Nas estradas que levam ao caminho do sertão

O jornalista Fábio Trancolin conta um pouco da história de Rio Verde em crônicas


O pensamento foi longe e de tão longe me levou a ver dois moleques de 15 e 16 anos com mochilas nas costas numa estradinha de poeira vermelha, e o cerrado com cheiro característico do amanhecer. ‘Eu vou voltar pro meu cerrado’, e embalar num cheiro do passado a caminho das terras lá pra bandas do ‘rasgado’. Certo dia eu e o Jairinho resolvemos que iríamos para a fazenda onde morava Sebastião Fagundes, mais conhecido por ‘Tião Catira’. Ela ficava lá para os lados do Ribeirão do meio, sentido a esquerda depois do aeroporto. Saímos de casa cedo, e colocamos o pé na estrada, mais ou menos estilo Renato Teixeira, ‘amanheceu, peguei a sacola e fui viajar’. A ideia era pegar carona, chegamos no acesso a GO 174 sentido Caçu, e até ali nada, só a pé. Pra chegar na fazenda tínhamos que andar quase uns 30 km, passou uma caminhonete e nos deu carona até determinado ponto, foi pouco, mas já ajudou. E a maior parte de percurso foi feito na sola mesmo.

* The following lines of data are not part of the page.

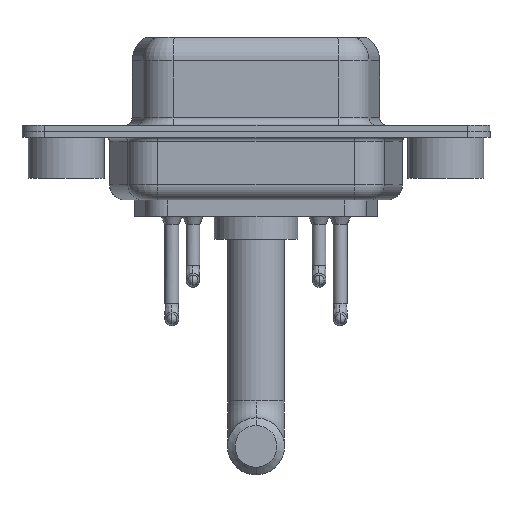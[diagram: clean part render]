
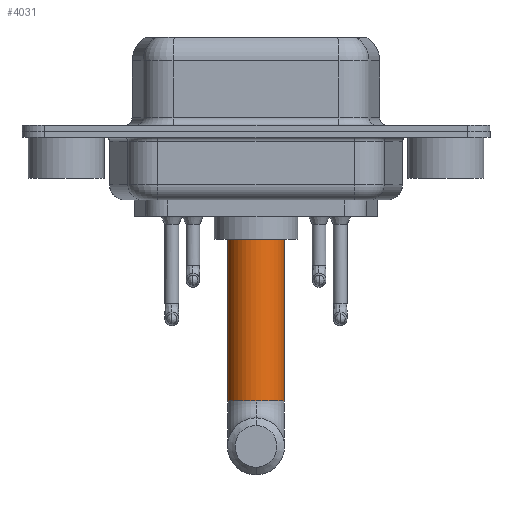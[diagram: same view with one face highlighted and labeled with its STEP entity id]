
A CAD part, front view. The second image highlights one B-rep face of the part: STEP entity #4031.
In plain terms, the highlighted cylindrical face has radius 1.875 mm (diameter 3.75 mm), a partial arc.
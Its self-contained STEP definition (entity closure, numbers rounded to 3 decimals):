
#170 = DIRECTION ( 'NONE',  ( 0., 0., -1. ) ) ;
#343 = CYLINDRICAL_SURFACE ( 'NONE', #12474, 1.875 ) ;
#483 = VERTEX_POINT ( 'NONE', #9952 ) ;
#507 = VERTEX_POINT ( 'NONE', #10357 ) ;
#1009 = ORIENTED_EDGE ( 'NONE', *, *, #11623, .F. ) ;
#1111 = DIRECTION ( 'NONE',  ( 0., 0., -1. ) ) ;
#1263 = AXIS2_PLACEMENT_3D ( 'NONE', #15798, #8086, #3154 ) ;
#1692 = ORIENTED_EDGE ( 'NONE', *, *, #10948, .T. ) ;
#1806 = DIRECTION ( 'NONE',  ( -1., 0., 0. ) ) ;
#2288 = DIRECTION ( 'NONE',  ( 0., 0., -1. ) ) ;
#2350 = CARTESIAN_POINT ( 'NONE',  ( -1.875, 0., 0. ) ) ;
#2903 = FACE_OUTER_BOUND ( 'NONE', #8813, .T. ) ;
#3154 = DIRECTION ( 'NONE',  ( -1., 0., 0. ) ) ;
#3220 = VECTOR ( 'NONE', #2288, 1000. ) ;
#3273 = DIRECTION ( 'NONE',  ( 0., 0., -1. ) ) ;
#3351 = CARTESIAN_POINT ( 'NONE',  ( 0., 0., 0. ) ) ;
#4031 = ADVANCED_FACE ( 'NONE', ( #2903 ), #343, .T. ) ;
#5236 = CARTESIAN_POINT ( 'NONE',  ( 1.875, 0., -10.63 ) ) ;
#5381 = CARTESIAN_POINT ( 'NONE',  ( 0., 0., 0. ) ) ;
#5543 = CIRCLE ( 'NONE', #15495, 1.875 ) ;
#5812 = CARTESIAN_POINT ( 'NONE',  ( 1.875, 0., 0. ) ) ;
#5974 = LINE ( 'NONE', #5812, #3220 ) ;
#6690 = EDGE_CURVE ( 'NONE', #12881, #10483, #8356, .T. ) ;
#6854 = CIRCLE ( 'NONE', #13939, 1.875 ) ;
#6868 = VERTEX_POINT ( 'NONE', #5236 ) ;
#8086 = DIRECTION ( 'NONE',  ( 0., 0., -1. ) ) ;
#8356 = LINE ( 'NONE', #2350, #13434 ) ;
#8684 = EDGE_CURVE ( 'NONE', #507, #10483, #14648, .T. ) ;
#8813 = EDGE_LOOP ( 'NONE', ( #14746, #1692, #15612, #9392, #1009 ) ) ;
#9392 = ORIENTED_EDGE ( 'NONE', *, *, #8684, .F. ) ;
#9952 = CARTESIAN_POINT ( 'NONE',  ( 1.875, 0., 0. ) ) ;
#10357 = CARTESIAN_POINT ( 'NONE',  ( 0., -1.875, -10.63 ) ) ;
#10393 = DIRECTION ( 'NONE',  ( 0., 0., -1. ) ) ;
#10483 = VERTEX_POINT ( 'NONE', #13395 ) ;
#10948 = EDGE_CURVE ( 'NONE', #483, #12881, #5543, .T. ) ;
#11623 = EDGE_CURVE ( 'NONE', #6868, #507, #6854, .T. ) ;
#12474 = AXIS2_PLACEMENT_3D ( 'NONE', #5381, #10393, #15392 ) ;
#12518 = CARTESIAN_POINT ( 'NONE',  ( 0., 0., -10.63 ) ) ;
#12767 = EDGE_CURVE ( 'NONE', #483, #6868, #5974, .T. ) ;
#12881 = VERTEX_POINT ( 'NONE', #13545 ) ;
#13395 = CARTESIAN_POINT ( 'NONE',  ( -1.875, 0., -10.63 ) ) ;
#13434 = VECTOR ( 'NONE', #1111, 1000. ) ;
#13545 = CARTESIAN_POINT ( 'NONE',  ( -1.875, 0., 0. ) ) ;
#13661 = DIRECTION ( 'NONE',  ( -1., 0., 0. ) ) ;
#13939 = AXIS2_PLACEMENT_3D ( 'NONE', #12518, #170, #13661 ) ;
#14648 = CIRCLE ( 'NONE', #1263, 1.875 ) ;
#14746 = ORIENTED_EDGE ( 'NONE', *, *, #12767, .F. ) ;
#15392 = DIRECTION ( 'NONE',  ( -1., 0., 0. ) ) ;
#15495 = AXIS2_PLACEMENT_3D ( 'NONE', #3351, #3273, #1806 ) ;
#15612 = ORIENTED_EDGE ( 'NONE', *, *, #6690, .T. ) ;
#15798 = CARTESIAN_POINT ( 'NONE',  ( 0., 0., -10.63 ) ) ;
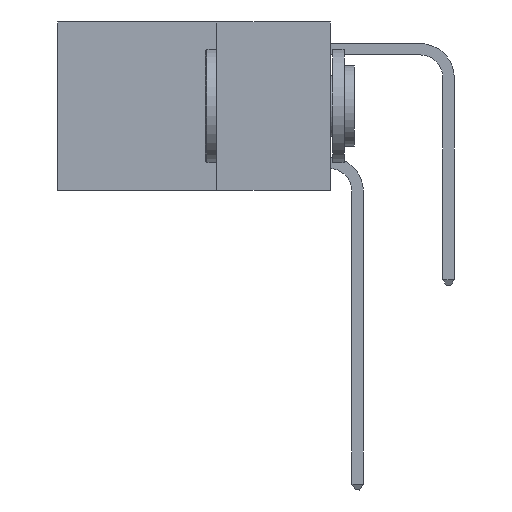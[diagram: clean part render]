
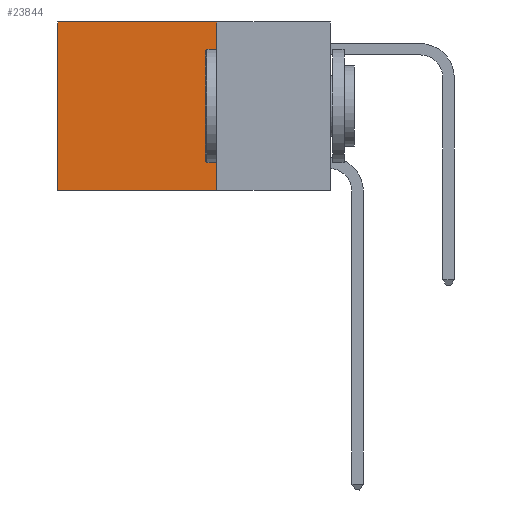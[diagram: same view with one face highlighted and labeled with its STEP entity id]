
A CAD part, left-side view. The second image highlights one B-rep face of the part: STEP entity #23844.
In plain terms, the highlighted planar face has unit normal (-1, 0, 0).
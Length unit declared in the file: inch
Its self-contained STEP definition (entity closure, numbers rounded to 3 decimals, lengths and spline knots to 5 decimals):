
#129 = VECTOR ( 'NONE', #18652, 39.37008 ) ;
#462 = VERTEX_POINT ( 'NONE', #25631 ) ;
#888 = CARTESIAN_POINT ( 'NONE',  ( 0.2625, 0.6, 0. ) ) ;
#971 = ORIENTED_EDGE ( 'NONE', *, *, #4945, .T. ) ;
#1316 = CARTESIAN_POINT ( 'NONE',  ( 0.2625, 0.6, 0. ) ) ;
#2679 = VERTEX_POINT ( 'NONE', #15681 ) ;
#4405 = DIRECTION ( 'NONE',  ( 0., 1., 0. ) ) ;
#4945 = EDGE_CURVE ( 'NONE', #20457, #2679, #11516, .T. ) ;
#5027 = ORIENTED_EDGE ( 'NONE', *, *, #14331, .F. ) ;
#5128 = FACE_OUTER_BOUND ( 'NONE', #7025, .T. ) ;
#5265 = VECTOR ( 'NONE', #16480, 39.37008 ) ;
#5854 = CARTESIAN_POINT ( 'NONE',  ( 0.2625, 0.25, 0. ) ) ;
#6348 = CARTESIAN_POINT ( 'NONE',  ( 0.2625, 0.25, 0. ) ) ;
#7025 = EDGE_LOOP ( 'NONE', ( #971, #28898, #5027, #11079 ) ) ;
#8430 = DIRECTION ( 'NONE',  ( 1., 0., 0. ) ) ;
#10102 = CARTESIAN_POINT ( 'NONE',  ( 0.2625, 0.25, 0. ) ) ;
#10571 = PLANE ( 'NONE',  #19306 ) ;
#10638 = VECTOR ( 'NONE', #15006, 39.37008 ) ;
#11079 = ORIENTED_EDGE ( 'NONE', *, *, #20701, .T. ) ;
#11516 = LINE ( 'NONE', #1316, #5265 ) ;
#14331 = EDGE_CURVE ( 'NONE', #462, #25602, #20901, .T. ) ;
#14827 = VECTOR ( 'NONE', #4405, 39.37008 ) ;
#15006 = DIRECTION ( 'NONE',  ( 0., 0., -1. ) ) ;
#15681 = CARTESIAN_POINT ( 'NONE',  ( 0.2625, 0.6, -0.37 ) ) ;
#16284 = LINE ( 'NONE', #18549, #129 ) ;
#16480 = DIRECTION ( 'NONE',  ( 0., 0., -1. ) ) ;
#17665 = EDGE_CURVE ( 'NONE', #25602, #2679, #16284, .T. ) ;
#18549 = CARTESIAN_POINT ( 'NONE',  ( 0.2625, 0.25, -0.37 ) ) ;
#18652 = DIRECTION ( 'NONE',  ( 0., 1., 0. ) ) ;
#19306 = AXIS2_PLACEMENT_3D ( 'NONE', #5854, #8430, #19968 ) ;
#19968 = DIRECTION ( 'NONE',  ( 0., 0., -1. ) ) ;
#20457 = VERTEX_POINT ( 'NONE', #888 ) ;
#20701 = EDGE_CURVE ( 'NONE', #462, #20457, #24385, .T. ) ;
#20901 = LINE ( 'NONE', #10102, #10638 ) ;
#23537 = CARTESIAN_POINT ( 'NONE',  ( 0.2625, 0.25, -0.37 ) ) ;
#23844 = ADVANCED_FACE ( 'NONE', ( #5128 ), #10571, .F. ) ;
#24385 = LINE ( 'NONE', #6348, #14827 ) ;
#25602 = VERTEX_POINT ( 'NONE', #23537 ) ;
#25631 = CARTESIAN_POINT ( 'NONE',  ( 0.2625, 0.25, 0. ) ) ;
#28898 = ORIENTED_EDGE ( 'NONE', *, *, #17665, .F. ) ;
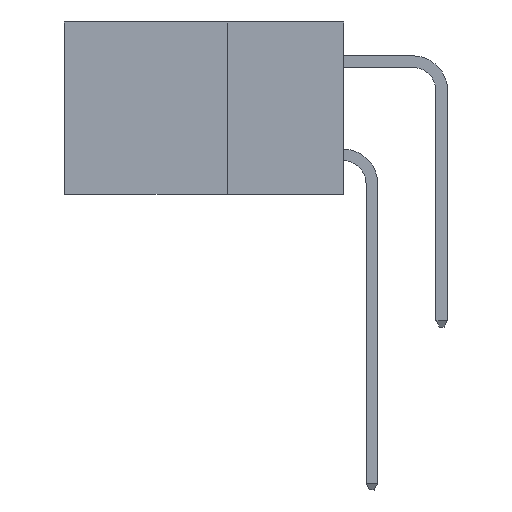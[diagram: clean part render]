
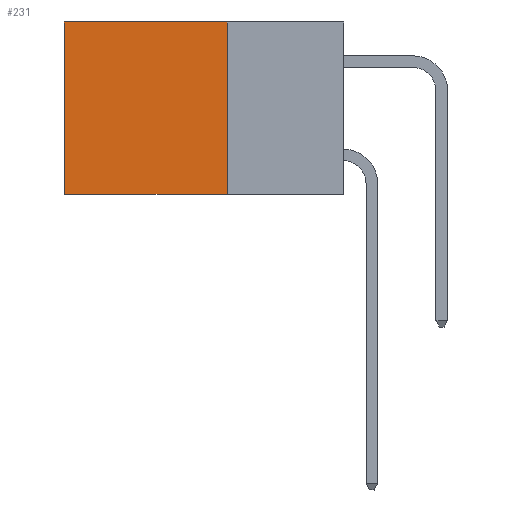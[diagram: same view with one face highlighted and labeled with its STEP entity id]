
A CAD part, left-side view. The second image highlights one B-rep face of the part: STEP entity #231.
In plain terms, the highlighted planar face has unit normal (-1, 0, 0).
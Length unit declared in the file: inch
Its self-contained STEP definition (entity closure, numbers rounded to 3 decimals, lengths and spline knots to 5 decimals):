
#231 = ADVANCED_FACE ( 'NONE', ( #1338 ), #12914, .F. ) ;
#234 = EDGE_CURVE ( 'NONE', #8377, #7981, #2417, .T. ) ;
#596 = CARTESIAN_POINT ( 'NONE',  ( 0.2615, 0.6, -0.37 ) ) ;
#1338 = FACE_OUTER_BOUND ( 'NONE', #3842, .T. ) ;
#1591 = LINE ( 'NONE', #4891, #5303 ) ;
#2313 = CARTESIAN_POINT ( 'NONE',  ( 0.2615, 0.25, 0. ) ) ;
#2417 = LINE ( 'NONE', #4950, #5877 ) ;
#3339 = CARTESIAN_POINT ( 'NONE',  ( 0.2615, 0.25, 0. ) ) ;
#3842 = EDGE_LOOP ( 'NONE', ( #9144, #10407, #6674, #12286 ) ) ;
#4891 = CARTESIAN_POINT ( 'NONE',  ( 0.2615, 0.25, -0.37 ) ) ;
#4950 = CARTESIAN_POINT ( 'NONE',  ( 0.2615, 0.25, -0.37 ) ) ;
#5255 = DIRECTION ( 'NONE',  ( 0., 0., -1. ) ) ;
#5303 = VECTOR ( 'NONE', #13087, 39.37008 ) ;
#5757 = VECTOR ( 'NONE', #12693, 39.37008 ) ;
#5877 = VECTOR ( 'NONE', #7090, 39.37008 ) ;
#6009 = DIRECTION ( 'NONE',  ( 1., 0., 0. ) ) ;
#6674 = ORIENTED_EDGE ( 'NONE', *, *, #234, .F. ) ;
#7090 = DIRECTION ( 'NONE',  ( 0., 0., -1. ) ) ;
#7098 = AXIS2_PLACEMENT_3D ( 'NONE', #9469, #6009, #9397 ) ;
#7981 = VERTEX_POINT ( 'NONE', #8477 ) ;
#8377 = VERTEX_POINT ( 'NONE', #2313 ) ;
#8477 = CARTESIAN_POINT ( 'NONE',  ( 0.2615, 0.25, -0.37 ) ) ;
#9144 = ORIENTED_EDGE ( 'NONE', *, *, #11957, .T. ) ;
#9397 = DIRECTION ( 'NONE',  ( 0., 0., -1. ) ) ;
#9469 = CARTESIAN_POINT ( 'NONE',  ( 0.2615, 0.25, -0.37 ) ) ;
#10407 = ORIENTED_EDGE ( 'NONE', *, *, #13202, .F. ) ;
#11106 = LINE ( 'NONE', #596, #13121 ) ;
#11957 = EDGE_CURVE ( 'NONE', #15025, #12822, #11106, .T. ) ;
#12121 = EDGE_CURVE ( 'NONE', #8377, #15025, #13831, .T. ) ;
#12286 = ORIENTED_EDGE ( 'NONE', *, *, #12121, .T. ) ;
#12493 = CARTESIAN_POINT ( 'NONE',  ( 0.2615, 0.6, -0.37 ) ) ;
#12693 = DIRECTION ( 'NONE',  ( 0., 1., 0. ) ) ;
#12822 = VERTEX_POINT ( 'NONE', #12493 ) ;
#12914 = PLANE ( 'NONE',  #7098 ) ;
#13087 = DIRECTION ( 'NONE',  ( 0., 1., 0. ) ) ;
#13121 = VECTOR ( 'NONE', #5255, 39.37008 ) ;
#13202 = EDGE_CURVE ( 'NONE', #7981, #12822, #1591, .T. ) ;
#13831 = LINE ( 'NONE', #3339, #5757 ) ;
#15006 = CARTESIAN_POINT ( 'NONE',  ( 0.2615, 0.6, 0. ) ) ;
#15025 = VERTEX_POINT ( 'NONE', #15006 ) ;
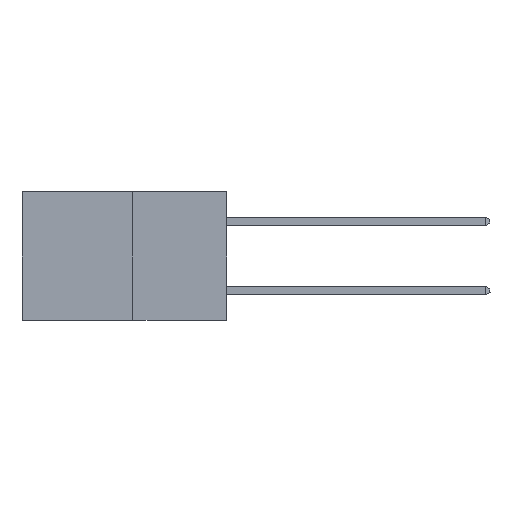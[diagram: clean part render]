
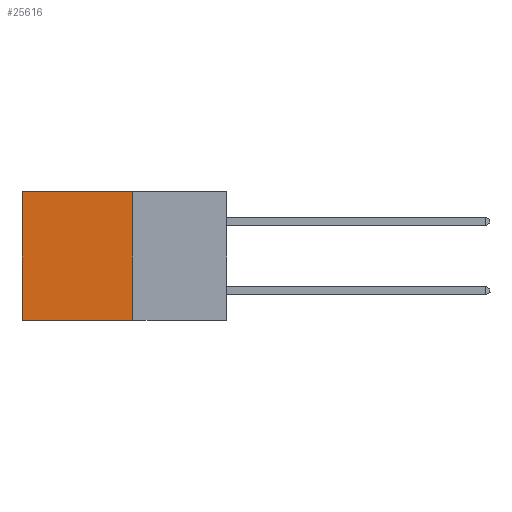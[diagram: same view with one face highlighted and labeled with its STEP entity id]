
A CAD part, left-side view. The second image highlights one B-rep face of the part: STEP entity #25616.
In plain terms, the highlighted planar face has unit normal (-1, 0, 0).
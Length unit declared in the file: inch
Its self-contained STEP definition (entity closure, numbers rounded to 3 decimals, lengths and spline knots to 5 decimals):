
#39 = DIRECTION ( 'NONE',  ( 0., 1., 0. ) ) ;
#939 = CARTESIAN_POINT ( 'NONE',  ( 0.277, 0.59, 0. ) ) ;
#1141 = ORIENTED_EDGE ( 'NONE', *, *, #13186, .F. ) ;
#1546 = AXIS2_PLACEMENT_3D ( 'NONE', #19865, #7327, #21946 ) ;
#3676 = DIRECTION ( 'NONE',  ( 0., 0., -1. ) ) ;
#4759 = VECTOR ( 'NONE', #39, 39.37008 ) ;
#4882 = VECTOR ( 'NONE', #8828, 39.37008 ) ;
#5237 = PLANE ( 'NONE',  #1546 ) ;
#5257 = EDGE_CURVE ( 'NONE', #15901, #12531, #11109, .T. ) ;
#6949 = VECTOR ( 'NONE', #3676, 39.37008 ) ;
#7327 = DIRECTION ( 'NONE',  ( 1., 0., 0. ) ) ;
#8513 = CARTESIAN_POINT ( 'NONE',  ( 0.277, 0.59, -0.37 ) ) ;
#8828 = DIRECTION ( 'NONE',  ( 0., 0., -1. ) ) ;
#9254 = EDGE_CURVE ( 'NONE', #22333, #15901, #24517, .T. ) ;
#11109 = LINE ( 'NONE', #8513, #4882 ) ;
#11348 = VERTEX_POINT ( 'NONE', #19726 ) ;
#11749 = EDGE_CURVE ( 'NONE', #11348, #12531, #15247, .T. ) ;
#12531 = VERTEX_POINT ( 'NONE', #22245 ) ;
#12534 = LINE ( 'NONE', #22409, #6949 ) ;
#13186 = EDGE_CURVE ( 'NONE', #22333, #11348, #12534, .T. ) ;
#15247 = LINE ( 'NONE', #20983, #4759 ) ;
#15267 = DIRECTION ( 'NONE',  ( 0., 1., 0. ) ) ;
#15901 = VERTEX_POINT ( 'NONE', #939 ) ;
#17673 = VECTOR ( 'NONE', #15267, 39.37008 ) ;
#19459 = CARTESIAN_POINT ( 'NONE',  ( 0.277, 0.27, 0. ) ) ;
#19682 = EDGE_LOOP ( 'NONE', ( #25390, #25156, #1141, #21135 ) ) ;
#19726 = CARTESIAN_POINT ( 'NONE',  ( 0.277, 0.27, -0.37 ) ) ;
#19865 = CARTESIAN_POINT ( 'NONE',  ( 0.277, 0.27, -0.37 ) ) ;
#20983 = CARTESIAN_POINT ( 'NONE',  ( 0.277, 0.27, -0.37 ) ) ;
#21118 = CARTESIAN_POINT ( 'NONE',  ( 0.277, 0.27, 0. ) ) ;
#21135 = ORIENTED_EDGE ( 'NONE', *, *, #9254, .T. ) ;
#21946 = DIRECTION ( 'NONE',  ( 0., 0., -1. ) ) ;
#22245 = CARTESIAN_POINT ( 'NONE',  ( 0.277, 0.59, -0.37 ) ) ;
#22333 = VERTEX_POINT ( 'NONE', #21118 ) ;
#22409 = CARTESIAN_POINT ( 'NONE',  ( 0.277, 0.27, -0.37 ) ) ;
#24517 = LINE ( 'NONE', #19459, #17673 ) ;
#25156 = ORIENTED_EDGE ( 'NONE', *, *, #11749, .F. ) ;
#25390 = ORIENTED_EDGE ( 'NONE', *, *, #5257, .T. ) ;
#25473 = FACE_OUTER_BOUND ( 'NONE', #19682, .T. ) ;
#25616 = ADVANCED_FACE ( 'NONE', ( #25473 ), #5237, .F. ) ;
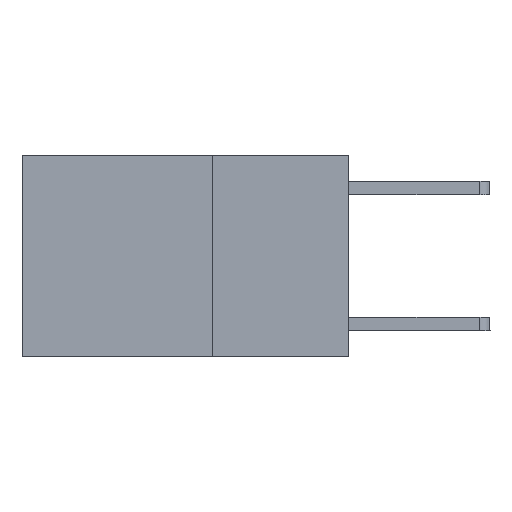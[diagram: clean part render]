
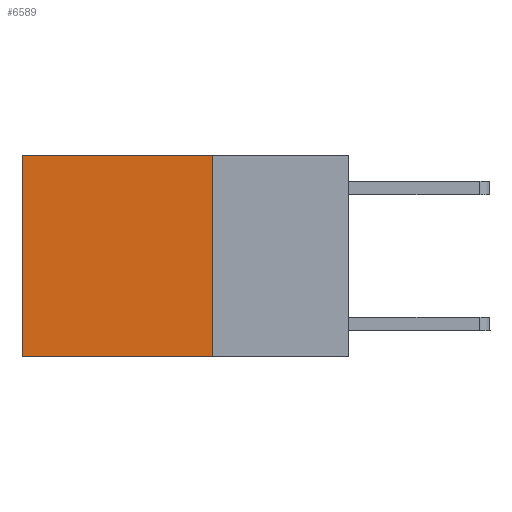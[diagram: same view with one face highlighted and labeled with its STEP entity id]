
A CAD part, left-side view. The second image highlights one B-rep face of the part: STEP entity #6589.
In plain terms, the highlighted planar face has unit normal (-1, 0, 0).
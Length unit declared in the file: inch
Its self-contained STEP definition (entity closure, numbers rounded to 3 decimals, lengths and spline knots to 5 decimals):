
#167 = VERTEX_POINT ( 'NONE', #844 ) ;
#247 = DIRECTION ( 'NONE',  ( 0., 1., 0. ) ) ;
#844 = CARTESIAN_POINT ( 'NONE',  ( 0.2625, 0.25, 0. ) ) ;
#967 = CARTESIAN_POINT ( 'NONE',  ( 0.2625, 0.6, 0. ) ) ;
#1095 = DIRECTION ( 'NONE',  ( 0., 0., -1. ) ) ;
#1214 = DIRECTION ( 'NONE',  ( 0., 1., 0. ) ) ;
#1803 = LINE ( 'NONE', #9546, #3315 ) ;
#2655 = EDGE_CURVE ( 'NONE', #167, #3266, #7110, .T. ) ;
#2681 = PLANE ( 'NONE',  #3880 ) ;
#2974 = EDGE_CURVE ( 'NONE', #3266, #6185, #1803, .T. ) ;
#3266 = VERTEX_POINT ( 'NONE', #967 ) ;
#3315 = VECTOR ( 'NONE', #5922, 39.37008 ) ;
#3504 = ORIENTED_EDGE ( 'NONE', *, *, #2655, .T. ) ;
#3536 = ORIENTED_EDGE ( 'NONE', *, *, #6561, .F. ) ;
#3880 = AXIS2_PLACEMENT_3D ( 'NONE', #7815, #5529, #1095 ) ;
#3919 = ORIENTED_EDGE ( 'NONE', *, *, #2974, .T. ) ;
#4035 = ORIENTED_EDGE ( 'NONE', *, *, #4810, .F. ) ;
#4083 = CARTESIAN_POINT ( 'NONE',  ( 0.2625, 0.25, -0.37 ) ) ;
#4247 = CARTESIAN_POINT ( 'NONE',  ( 0.2625, 0.25, 0. ) ) ;
#4810 = EDGE_CURVE ( 'NONE', #7185, #6185, #9565, .T. ) ;
#5145 = VECTOR ( 'NONE', #1214, 39.37008 ) ;
#5467 = CARTESIAN_POINT ( 'NONE',  ( 0.2625, 0.25, 0. ) ) ;
#5529 = DIRECTION ( 'NONE',  ( 1., 0., 0. ) ) ;
#5922 = DIRECTION ( 'NONE',  ( 0., 0., -1. ) ) ;
#6185 = VERTEX_POINT ( 'NONE', #9334 ) ;
#6561 = EDGE_CURVE ( 'NONE', #167, #7185, #8663, .T. ) ;
#6589 = ADVANCED_FACE ( 'NONE', ( #8873 ), #2681, .F. ) ;
#6606 = VECTOR ( 'NONE', #7778, 39.37008 ) ;
#7110 = LINE ( 'NONE', #4247, #5145 ) ;
#7185 = VERTEX_POINT ( 'NONE', #8560 ) ;
#7265 = VECTOR ( 'NONE', #247, 39.37008 ) ;
#7778 = DIRECTION ( 'NONE',  ( 0., 0., -1. ) ) ;
#7815 = CARTESIAN_POINT ( 'NONE',  ( 0.2625, 0.25, 0. ) ) ;
#7959 = EDGE_LOOP ( 'NONE', ( #3919, #4035, #3536, #3504 ) ) ;
#8560 = CARTESIAN_POINT ( 'NONE',  ( 0.2625, 0.25, -0.37 ) ) ;
#8663 = LINE ( 'NONE', #5467, #6606 ) ;
#8873 = FACE_OUTER_BOUND ( 'NONE', #7959, .T. ) ;
#9334 = CARTESIAN_POINT ( 'NONE',  ( 0.2625, 0.6, -0.37 ) ) ;
#9546 = CARTESIAN_POINT ( 'NONE',  ( 0.2625, 0.6, 0. ) ) ;
#9565 = LINE ( 'NONE', #4083, #7265 ) ;

Chegamos na roça, mortos de fome, levamos mochilas, porém mantimentos nada. Mas, isso era o de menos, o importante era está lá. Na casa morava o Tião, a mulher dele a Carminda, e o Tiãozinho o cunhado, e o filho Ruiter. Lá ele era o caseiro, o vaqueiro, o faz de tudo. Tião era um sujeito boa praça, tinha várias histórias a seu respeito, diziam que ele que fazia a suas próprias espingardas e colocava o cunhado para experimentar, mas antes tomava o cuidado de se proteger (vai que o experimento não dá certo). Tião também era um sujeito nervoso perdia a paciência muito fácil, tirando leite se a vaca não ficasse quieta ele mordia na orelha dela... Era uma ‘figura’, deixou saudades. Por muito tempo trabalhou nas terras do Iron Ferreira. E onde ele morava ao fundo se ouvia a cachoeira do Rio do peixe, lugar bom de pescar. E por falar em pescaria logo fomos preparar as tralhas.

Todo dia tinha pescaria no ribeirão que dava nome ao lugar, Córrego rasgado, quantas traíras, lambaris e ‘lobós’ fisgamos... Certo dia, resolvemos que iriamos pescar na cachoeira, e fomos, para atravessar para o outro lado onde tinha o melhor ponto, o único apoio era um arame amarrado de um lado ao outro, hoje paro pra pensar, como é que eu fiz aquilo, atravessar na correnteza e quase ser levado rio abaixo, sem noção, loucura, Mas, fizemos e valeu a pena a pescaria foi satisfatória. Mas, não era só peixe o fogão a lenha sempre tinha algo diferente, comida na roça e ‘trem bão dimais’. E uma noite o Sebastião foi à caça, pegou a cartucheira e saiu, antes deixou um recado, quando ouvir o tiro mulher põe a água pra ferver. Então tá, pode deixar disse ela. Passando um tempo ouve-se o estampido, e o Jairinho falou pra Carminda, então? Ela disse, vamos esperar... Passou um tempo, entra o Tião ‘nervoso’ e joga um ratão do mato no chão, “matei essa ‘disgraça’, escutei mexer no milho, liguei a lanterna e atirei, mas num era paca, foi isso que eu matei”. Isso virou piada... Uns dois dias depois lá vai o Tião de novo com espingarda nas costas, mas, dessa vez não teve aviso. Demorou, então ouvimos os disparos, será? Passado um tempo lá vem o homem, todo orgulhoso com dois tatus, um o tiro estraçalhou não teve como aproveitar, o outro virou farofa. Ficamos por lá uns 15 dias. A casa de pau a pique de lugar agradável e de muitas histórias de mentiroso ao redor do fogão se ouviu por lá.

A estradinha das pitangas, gabirobas e dos pés de pequis, e do belo entardecer do cerrado, ao som do jaó, perdiz e inambu, seriema a longe cantou, carcará no pau a observar o chocalho da cascavel no balançar dos guizos no seu som a assustar. Tatu peba e bola, lobo guará, as cotias e pacas que na noite que vem vindo elas saem a espiar. Os tamanduás e os campeiros com medo se escondem nas árvores retorcidas que os protegem (protegiam). As pintadas e tantas histórias das zagaias que atravessaram as belas pintas. E você que lembrou e chorou, eu também choro. Choro por tudo que nós tivemos e hoje só lembrança deixou. E seria tão bom permanecer nessa estrada... Nas estradinhas que levam ao caminho do sertão.